WHAT YOU WILL DO: For the data below, restate word for word only the lines from the line containing "spline S467 degree" through the line containing "spline S470 degree", both ends included.

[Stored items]

= = = =

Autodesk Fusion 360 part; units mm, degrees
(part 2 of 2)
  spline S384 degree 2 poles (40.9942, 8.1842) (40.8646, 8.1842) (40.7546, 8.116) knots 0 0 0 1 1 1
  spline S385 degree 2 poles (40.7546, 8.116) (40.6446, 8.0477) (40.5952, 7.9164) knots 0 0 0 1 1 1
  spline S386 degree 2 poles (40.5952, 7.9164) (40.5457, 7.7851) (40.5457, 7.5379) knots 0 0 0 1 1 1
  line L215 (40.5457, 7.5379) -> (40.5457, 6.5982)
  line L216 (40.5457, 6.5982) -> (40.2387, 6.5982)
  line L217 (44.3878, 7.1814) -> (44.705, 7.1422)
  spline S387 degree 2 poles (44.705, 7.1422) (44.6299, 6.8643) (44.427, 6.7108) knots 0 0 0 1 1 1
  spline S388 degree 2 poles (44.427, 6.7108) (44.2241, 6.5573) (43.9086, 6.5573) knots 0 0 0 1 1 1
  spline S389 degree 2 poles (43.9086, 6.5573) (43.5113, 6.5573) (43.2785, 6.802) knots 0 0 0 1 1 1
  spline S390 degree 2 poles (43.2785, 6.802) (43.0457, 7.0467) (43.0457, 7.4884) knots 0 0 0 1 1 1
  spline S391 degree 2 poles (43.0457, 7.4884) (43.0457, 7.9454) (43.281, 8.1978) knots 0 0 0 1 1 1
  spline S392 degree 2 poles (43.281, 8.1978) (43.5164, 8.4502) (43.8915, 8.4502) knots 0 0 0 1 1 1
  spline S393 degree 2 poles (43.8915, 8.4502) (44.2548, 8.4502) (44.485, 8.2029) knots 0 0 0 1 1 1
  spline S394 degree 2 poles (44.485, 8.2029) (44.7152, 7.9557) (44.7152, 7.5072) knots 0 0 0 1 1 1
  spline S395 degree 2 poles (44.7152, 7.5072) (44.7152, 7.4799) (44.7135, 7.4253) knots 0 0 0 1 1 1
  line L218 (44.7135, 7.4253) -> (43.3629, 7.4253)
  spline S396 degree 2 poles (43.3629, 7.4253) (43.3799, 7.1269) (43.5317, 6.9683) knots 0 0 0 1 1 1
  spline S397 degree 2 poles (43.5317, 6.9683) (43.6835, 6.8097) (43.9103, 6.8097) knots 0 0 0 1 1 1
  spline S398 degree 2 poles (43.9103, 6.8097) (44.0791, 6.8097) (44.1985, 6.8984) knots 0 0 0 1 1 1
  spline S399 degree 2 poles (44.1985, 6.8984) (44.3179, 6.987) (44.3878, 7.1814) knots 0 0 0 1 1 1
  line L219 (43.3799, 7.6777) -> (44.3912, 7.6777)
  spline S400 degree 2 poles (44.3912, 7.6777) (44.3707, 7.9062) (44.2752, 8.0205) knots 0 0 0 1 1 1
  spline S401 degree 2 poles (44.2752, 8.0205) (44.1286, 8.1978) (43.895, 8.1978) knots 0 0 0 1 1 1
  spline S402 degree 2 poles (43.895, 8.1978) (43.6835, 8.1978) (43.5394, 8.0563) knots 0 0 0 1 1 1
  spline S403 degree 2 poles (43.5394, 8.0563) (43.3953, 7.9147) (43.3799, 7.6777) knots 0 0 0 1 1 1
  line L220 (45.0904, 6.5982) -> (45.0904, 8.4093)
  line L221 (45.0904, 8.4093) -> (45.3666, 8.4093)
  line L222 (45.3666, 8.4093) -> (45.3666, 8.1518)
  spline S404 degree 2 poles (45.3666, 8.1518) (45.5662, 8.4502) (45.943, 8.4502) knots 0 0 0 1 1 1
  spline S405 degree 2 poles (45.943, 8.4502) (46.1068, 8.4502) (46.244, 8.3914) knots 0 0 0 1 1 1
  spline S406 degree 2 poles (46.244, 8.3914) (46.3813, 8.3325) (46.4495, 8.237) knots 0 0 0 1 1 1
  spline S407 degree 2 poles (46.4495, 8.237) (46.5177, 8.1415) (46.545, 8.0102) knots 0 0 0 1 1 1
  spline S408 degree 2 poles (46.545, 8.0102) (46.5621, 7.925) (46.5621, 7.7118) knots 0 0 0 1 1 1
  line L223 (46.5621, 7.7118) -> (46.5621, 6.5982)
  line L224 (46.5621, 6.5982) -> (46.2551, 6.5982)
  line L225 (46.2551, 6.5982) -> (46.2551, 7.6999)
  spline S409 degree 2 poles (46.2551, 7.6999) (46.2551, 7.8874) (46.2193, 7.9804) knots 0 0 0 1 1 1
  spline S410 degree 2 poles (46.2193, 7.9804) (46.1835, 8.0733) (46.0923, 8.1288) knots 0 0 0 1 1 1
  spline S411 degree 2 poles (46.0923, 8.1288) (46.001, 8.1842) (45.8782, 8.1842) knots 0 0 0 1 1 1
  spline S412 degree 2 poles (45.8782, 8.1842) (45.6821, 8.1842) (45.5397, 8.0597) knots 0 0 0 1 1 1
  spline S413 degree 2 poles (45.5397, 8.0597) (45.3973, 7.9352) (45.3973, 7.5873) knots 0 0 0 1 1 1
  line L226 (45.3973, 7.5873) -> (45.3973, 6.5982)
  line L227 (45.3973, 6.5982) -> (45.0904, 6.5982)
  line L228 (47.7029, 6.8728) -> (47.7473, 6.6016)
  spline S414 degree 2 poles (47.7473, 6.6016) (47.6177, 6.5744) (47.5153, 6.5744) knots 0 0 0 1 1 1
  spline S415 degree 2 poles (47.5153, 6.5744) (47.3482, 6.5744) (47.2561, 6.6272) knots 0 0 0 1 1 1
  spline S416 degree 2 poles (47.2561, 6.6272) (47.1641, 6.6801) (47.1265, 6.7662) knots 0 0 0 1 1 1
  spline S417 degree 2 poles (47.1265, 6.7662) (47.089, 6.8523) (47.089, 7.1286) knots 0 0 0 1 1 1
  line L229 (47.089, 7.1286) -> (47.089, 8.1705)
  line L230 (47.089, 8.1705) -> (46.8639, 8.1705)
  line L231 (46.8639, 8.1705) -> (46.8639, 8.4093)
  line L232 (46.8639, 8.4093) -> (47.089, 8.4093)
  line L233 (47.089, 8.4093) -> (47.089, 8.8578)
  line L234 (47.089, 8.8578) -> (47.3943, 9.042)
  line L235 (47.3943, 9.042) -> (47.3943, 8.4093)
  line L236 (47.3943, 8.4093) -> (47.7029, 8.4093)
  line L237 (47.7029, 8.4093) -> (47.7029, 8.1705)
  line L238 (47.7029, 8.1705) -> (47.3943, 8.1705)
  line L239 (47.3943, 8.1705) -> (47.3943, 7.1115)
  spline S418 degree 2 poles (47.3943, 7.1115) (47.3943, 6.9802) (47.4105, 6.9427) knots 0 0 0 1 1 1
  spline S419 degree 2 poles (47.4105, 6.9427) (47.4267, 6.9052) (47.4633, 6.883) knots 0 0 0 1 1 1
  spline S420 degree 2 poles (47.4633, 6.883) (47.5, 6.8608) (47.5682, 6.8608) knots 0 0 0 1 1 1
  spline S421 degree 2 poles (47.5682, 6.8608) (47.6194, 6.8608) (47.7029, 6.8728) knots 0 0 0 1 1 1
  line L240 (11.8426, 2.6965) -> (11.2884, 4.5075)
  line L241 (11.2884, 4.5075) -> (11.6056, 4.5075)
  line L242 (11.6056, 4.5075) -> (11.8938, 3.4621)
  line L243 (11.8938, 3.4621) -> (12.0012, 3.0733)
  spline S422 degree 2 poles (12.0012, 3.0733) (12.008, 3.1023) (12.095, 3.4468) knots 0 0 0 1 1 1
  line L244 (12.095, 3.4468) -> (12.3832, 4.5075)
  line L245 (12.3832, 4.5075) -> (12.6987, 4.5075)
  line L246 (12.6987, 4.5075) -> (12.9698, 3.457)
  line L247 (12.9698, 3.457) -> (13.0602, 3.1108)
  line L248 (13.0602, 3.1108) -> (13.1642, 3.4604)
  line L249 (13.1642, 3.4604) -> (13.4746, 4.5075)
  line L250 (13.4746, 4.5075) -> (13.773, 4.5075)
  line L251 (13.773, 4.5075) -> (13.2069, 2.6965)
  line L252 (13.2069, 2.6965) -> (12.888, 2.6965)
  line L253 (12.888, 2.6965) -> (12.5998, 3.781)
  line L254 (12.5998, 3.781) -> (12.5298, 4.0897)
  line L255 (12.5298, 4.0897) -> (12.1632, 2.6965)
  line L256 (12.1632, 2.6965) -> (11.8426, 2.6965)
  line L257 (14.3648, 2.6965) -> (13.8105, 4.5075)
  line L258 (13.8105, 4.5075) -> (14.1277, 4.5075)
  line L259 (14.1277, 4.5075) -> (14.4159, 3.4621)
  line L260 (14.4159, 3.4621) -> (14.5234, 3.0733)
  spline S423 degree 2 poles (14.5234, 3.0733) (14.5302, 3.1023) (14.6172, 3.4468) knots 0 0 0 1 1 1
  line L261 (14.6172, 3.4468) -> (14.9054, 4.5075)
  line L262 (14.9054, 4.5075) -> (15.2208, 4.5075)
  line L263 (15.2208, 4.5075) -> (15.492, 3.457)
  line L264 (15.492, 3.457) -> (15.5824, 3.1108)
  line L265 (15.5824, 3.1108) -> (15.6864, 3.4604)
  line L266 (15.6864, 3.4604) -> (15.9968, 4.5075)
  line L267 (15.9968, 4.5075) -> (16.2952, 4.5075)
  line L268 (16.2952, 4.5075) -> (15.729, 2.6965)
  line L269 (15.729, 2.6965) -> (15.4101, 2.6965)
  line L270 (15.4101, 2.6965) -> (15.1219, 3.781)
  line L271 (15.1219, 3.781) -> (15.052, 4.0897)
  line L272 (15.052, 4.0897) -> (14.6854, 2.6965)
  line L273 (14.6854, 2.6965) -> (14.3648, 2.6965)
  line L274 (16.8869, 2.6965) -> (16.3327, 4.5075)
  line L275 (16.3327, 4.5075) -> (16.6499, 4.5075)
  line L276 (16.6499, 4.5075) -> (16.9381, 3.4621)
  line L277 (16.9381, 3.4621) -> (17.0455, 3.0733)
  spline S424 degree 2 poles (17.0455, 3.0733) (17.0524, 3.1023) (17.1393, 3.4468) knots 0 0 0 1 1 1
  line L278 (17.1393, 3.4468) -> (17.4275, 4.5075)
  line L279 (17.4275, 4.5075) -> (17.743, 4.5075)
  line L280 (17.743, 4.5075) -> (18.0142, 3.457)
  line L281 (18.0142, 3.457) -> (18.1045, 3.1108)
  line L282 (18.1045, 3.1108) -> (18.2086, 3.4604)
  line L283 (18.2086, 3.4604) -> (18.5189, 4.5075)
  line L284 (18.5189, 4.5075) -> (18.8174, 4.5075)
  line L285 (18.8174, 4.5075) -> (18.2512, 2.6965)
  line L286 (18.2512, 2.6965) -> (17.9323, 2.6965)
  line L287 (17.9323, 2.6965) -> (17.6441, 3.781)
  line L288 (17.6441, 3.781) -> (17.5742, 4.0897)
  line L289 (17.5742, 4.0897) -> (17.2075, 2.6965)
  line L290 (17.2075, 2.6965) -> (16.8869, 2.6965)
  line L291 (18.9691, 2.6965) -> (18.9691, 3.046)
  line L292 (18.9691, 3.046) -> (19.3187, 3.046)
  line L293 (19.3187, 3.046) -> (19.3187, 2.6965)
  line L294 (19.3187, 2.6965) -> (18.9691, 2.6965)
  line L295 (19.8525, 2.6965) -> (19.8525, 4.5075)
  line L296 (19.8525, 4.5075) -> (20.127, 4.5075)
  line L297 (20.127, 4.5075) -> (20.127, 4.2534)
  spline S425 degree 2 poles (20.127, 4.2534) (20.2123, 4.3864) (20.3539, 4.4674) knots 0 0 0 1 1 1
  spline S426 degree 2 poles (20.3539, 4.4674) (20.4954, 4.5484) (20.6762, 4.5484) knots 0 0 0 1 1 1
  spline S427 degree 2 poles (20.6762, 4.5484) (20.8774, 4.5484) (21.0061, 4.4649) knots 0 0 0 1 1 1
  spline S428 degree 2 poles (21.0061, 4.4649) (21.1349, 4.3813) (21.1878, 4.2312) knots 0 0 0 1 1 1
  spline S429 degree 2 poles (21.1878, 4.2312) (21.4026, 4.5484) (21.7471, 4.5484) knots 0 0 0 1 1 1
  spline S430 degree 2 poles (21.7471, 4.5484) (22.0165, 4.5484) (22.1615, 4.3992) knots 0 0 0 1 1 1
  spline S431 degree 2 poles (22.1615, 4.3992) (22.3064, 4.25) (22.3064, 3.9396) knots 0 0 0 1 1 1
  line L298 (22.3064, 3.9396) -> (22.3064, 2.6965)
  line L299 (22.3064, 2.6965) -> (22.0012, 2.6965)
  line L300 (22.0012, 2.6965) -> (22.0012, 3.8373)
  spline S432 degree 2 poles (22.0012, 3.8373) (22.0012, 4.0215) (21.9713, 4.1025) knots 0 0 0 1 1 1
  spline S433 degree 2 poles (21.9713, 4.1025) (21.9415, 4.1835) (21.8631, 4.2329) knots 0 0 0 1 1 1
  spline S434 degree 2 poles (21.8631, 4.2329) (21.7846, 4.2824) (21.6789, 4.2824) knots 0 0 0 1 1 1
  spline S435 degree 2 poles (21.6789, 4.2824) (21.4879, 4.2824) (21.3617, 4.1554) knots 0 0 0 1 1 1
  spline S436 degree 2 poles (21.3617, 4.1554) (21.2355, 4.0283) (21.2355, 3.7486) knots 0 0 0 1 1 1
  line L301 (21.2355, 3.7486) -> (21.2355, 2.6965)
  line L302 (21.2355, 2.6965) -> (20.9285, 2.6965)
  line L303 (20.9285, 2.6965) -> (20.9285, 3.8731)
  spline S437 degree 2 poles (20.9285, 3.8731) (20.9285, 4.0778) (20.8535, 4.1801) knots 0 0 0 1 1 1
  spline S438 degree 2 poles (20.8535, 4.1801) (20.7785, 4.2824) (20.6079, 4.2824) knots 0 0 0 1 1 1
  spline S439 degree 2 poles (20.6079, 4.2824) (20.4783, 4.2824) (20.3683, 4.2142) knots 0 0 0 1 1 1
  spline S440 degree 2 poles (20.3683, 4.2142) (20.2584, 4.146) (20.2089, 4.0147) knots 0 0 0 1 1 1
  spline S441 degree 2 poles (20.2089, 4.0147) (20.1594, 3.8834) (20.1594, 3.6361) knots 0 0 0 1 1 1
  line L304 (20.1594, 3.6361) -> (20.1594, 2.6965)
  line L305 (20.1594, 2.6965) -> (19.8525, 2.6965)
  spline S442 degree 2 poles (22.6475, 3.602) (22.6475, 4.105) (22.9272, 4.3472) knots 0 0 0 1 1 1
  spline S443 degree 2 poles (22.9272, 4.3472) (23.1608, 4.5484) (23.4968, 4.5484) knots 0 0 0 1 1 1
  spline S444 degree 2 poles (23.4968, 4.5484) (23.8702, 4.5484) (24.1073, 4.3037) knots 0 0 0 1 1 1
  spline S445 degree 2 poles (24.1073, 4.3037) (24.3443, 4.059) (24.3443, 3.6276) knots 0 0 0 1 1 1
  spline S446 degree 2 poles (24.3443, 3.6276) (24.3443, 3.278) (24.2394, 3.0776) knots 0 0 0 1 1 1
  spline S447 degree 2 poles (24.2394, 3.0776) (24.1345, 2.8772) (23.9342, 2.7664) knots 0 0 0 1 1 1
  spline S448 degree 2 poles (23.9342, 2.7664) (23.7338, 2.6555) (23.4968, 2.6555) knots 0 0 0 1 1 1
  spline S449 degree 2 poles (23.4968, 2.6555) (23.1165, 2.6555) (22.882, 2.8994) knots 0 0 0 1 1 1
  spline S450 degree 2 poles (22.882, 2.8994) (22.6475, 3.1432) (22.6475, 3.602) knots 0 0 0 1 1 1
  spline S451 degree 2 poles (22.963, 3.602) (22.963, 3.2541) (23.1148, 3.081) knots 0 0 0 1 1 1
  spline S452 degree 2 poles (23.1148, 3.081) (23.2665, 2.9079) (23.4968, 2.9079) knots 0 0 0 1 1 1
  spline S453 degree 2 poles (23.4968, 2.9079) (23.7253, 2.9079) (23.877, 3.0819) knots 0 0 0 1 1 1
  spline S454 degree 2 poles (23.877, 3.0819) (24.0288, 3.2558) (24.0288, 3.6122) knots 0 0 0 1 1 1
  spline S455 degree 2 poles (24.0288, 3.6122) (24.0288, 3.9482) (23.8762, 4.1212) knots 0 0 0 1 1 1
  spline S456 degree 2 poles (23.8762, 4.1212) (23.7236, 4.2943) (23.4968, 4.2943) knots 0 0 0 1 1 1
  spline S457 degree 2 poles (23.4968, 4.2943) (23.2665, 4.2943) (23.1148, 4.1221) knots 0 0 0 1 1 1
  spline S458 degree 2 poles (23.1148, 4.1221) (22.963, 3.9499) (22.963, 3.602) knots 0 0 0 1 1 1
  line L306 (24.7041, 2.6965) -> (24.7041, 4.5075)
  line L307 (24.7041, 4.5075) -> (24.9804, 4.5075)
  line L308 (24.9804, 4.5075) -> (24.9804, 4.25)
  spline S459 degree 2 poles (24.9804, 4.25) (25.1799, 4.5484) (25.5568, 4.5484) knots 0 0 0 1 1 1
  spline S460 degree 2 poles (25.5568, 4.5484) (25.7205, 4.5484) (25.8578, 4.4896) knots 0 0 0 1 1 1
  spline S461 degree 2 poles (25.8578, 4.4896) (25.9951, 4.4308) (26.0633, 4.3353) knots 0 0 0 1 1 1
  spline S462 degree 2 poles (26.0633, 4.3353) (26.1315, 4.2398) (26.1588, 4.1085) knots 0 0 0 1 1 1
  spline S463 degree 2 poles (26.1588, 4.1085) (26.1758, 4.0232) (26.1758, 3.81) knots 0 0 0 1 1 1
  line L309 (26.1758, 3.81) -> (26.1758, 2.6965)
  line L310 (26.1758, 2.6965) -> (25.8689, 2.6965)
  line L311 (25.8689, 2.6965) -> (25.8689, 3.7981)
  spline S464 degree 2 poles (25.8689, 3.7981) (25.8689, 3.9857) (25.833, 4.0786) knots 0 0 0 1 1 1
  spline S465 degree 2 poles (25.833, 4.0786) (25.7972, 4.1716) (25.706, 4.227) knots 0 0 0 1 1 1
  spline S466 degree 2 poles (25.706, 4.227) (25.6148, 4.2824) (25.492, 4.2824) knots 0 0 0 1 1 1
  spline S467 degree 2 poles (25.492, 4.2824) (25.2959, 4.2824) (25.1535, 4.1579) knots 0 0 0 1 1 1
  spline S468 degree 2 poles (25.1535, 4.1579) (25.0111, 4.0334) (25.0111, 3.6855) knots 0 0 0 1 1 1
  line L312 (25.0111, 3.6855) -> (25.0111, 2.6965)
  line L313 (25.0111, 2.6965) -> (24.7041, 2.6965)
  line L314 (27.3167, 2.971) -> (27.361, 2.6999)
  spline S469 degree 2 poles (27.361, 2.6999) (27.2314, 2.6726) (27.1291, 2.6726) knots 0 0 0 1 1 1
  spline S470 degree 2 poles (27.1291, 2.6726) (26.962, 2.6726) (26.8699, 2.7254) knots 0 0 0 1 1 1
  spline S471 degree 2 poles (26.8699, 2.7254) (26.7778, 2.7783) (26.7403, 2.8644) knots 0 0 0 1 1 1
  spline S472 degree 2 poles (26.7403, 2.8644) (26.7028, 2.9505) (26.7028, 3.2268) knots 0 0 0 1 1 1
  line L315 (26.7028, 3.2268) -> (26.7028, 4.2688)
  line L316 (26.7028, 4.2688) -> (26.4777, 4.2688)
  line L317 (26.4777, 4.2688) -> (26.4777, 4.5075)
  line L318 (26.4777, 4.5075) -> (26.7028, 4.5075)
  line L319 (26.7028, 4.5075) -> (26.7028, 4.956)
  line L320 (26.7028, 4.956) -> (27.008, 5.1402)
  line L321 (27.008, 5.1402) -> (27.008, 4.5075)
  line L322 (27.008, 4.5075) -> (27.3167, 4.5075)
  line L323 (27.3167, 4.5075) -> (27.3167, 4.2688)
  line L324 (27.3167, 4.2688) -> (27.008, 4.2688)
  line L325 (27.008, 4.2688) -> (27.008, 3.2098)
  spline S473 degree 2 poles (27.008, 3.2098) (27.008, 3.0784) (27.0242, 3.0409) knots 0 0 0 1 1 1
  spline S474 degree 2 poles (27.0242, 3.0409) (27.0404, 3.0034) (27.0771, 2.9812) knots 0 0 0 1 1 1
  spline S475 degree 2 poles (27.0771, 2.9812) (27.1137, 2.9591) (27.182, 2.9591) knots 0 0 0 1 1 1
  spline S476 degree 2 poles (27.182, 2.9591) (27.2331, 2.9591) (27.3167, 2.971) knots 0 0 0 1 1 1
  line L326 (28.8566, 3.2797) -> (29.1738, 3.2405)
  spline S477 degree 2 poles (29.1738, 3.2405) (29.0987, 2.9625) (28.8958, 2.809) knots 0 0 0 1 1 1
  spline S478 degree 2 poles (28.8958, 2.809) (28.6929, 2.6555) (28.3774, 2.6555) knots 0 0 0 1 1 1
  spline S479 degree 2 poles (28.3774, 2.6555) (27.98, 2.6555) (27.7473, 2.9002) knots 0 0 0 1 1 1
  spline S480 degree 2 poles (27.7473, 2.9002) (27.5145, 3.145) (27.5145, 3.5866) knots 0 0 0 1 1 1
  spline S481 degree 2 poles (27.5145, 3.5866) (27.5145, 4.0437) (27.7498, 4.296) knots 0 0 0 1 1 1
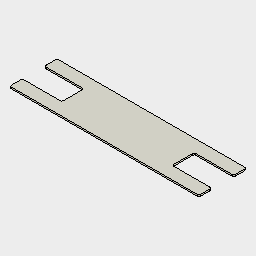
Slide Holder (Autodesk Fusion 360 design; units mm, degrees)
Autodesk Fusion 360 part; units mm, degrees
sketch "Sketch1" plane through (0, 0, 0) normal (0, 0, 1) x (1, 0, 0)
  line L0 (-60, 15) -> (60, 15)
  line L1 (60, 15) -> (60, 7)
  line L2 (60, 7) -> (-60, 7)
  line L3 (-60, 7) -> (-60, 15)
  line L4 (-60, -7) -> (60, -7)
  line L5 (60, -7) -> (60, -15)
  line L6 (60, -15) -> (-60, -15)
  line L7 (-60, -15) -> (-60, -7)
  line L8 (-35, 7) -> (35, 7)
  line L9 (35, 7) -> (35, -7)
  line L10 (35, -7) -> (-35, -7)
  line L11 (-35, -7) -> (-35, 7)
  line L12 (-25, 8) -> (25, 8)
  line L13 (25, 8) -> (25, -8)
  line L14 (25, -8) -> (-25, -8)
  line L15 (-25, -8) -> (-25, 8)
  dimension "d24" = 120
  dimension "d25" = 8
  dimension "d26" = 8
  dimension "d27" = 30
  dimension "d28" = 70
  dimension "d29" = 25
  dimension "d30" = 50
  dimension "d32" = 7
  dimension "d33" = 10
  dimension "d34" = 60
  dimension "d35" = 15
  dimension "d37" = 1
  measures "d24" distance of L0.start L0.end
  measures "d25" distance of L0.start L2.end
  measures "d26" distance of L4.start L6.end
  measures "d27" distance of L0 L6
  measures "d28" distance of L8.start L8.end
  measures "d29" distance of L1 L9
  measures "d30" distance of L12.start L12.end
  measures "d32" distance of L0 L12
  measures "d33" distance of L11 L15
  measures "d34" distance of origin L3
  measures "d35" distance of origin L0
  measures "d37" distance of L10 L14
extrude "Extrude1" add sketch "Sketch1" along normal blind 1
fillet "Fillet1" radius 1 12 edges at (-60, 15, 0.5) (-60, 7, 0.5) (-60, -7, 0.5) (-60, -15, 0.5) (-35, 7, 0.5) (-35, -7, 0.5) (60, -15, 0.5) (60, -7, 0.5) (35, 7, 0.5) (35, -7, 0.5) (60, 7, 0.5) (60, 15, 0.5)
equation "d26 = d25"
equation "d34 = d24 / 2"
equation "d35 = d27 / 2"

= = = =

TASK RESPONSE:
  spline S467 degree 2 poles (25.492, 4.2824) (25.2959, 4.2824) (25.1535, 4.1579) knots 0 0 0 1 1 1
  spline S468 degree 2 poles (25.1535, 4.1579) (25.0111, 4.0334) (25.0111, 3.6855) knots 0 0 0 1 1 1
  line L312 (25.0111, 3.6855) -> (25.0111, 2.6965)
  line L313 (25.0111, 2.6965) -> (24.7041, 2.6965)
  line L314 (27.3167, 2.971) -> (27.361, 2.6999)
  spline S469 degree 2 poles (27.361, 2.6999) (27.2314, 2.6726) (27.1291, 2.6726) knots 0 0 0 1 1 1
  spline S470 degree 2 poles (27.1291, 2.6726) (26.962, 2.6726) (26.8699, 2.7254) knots 0 0 0 1 1 1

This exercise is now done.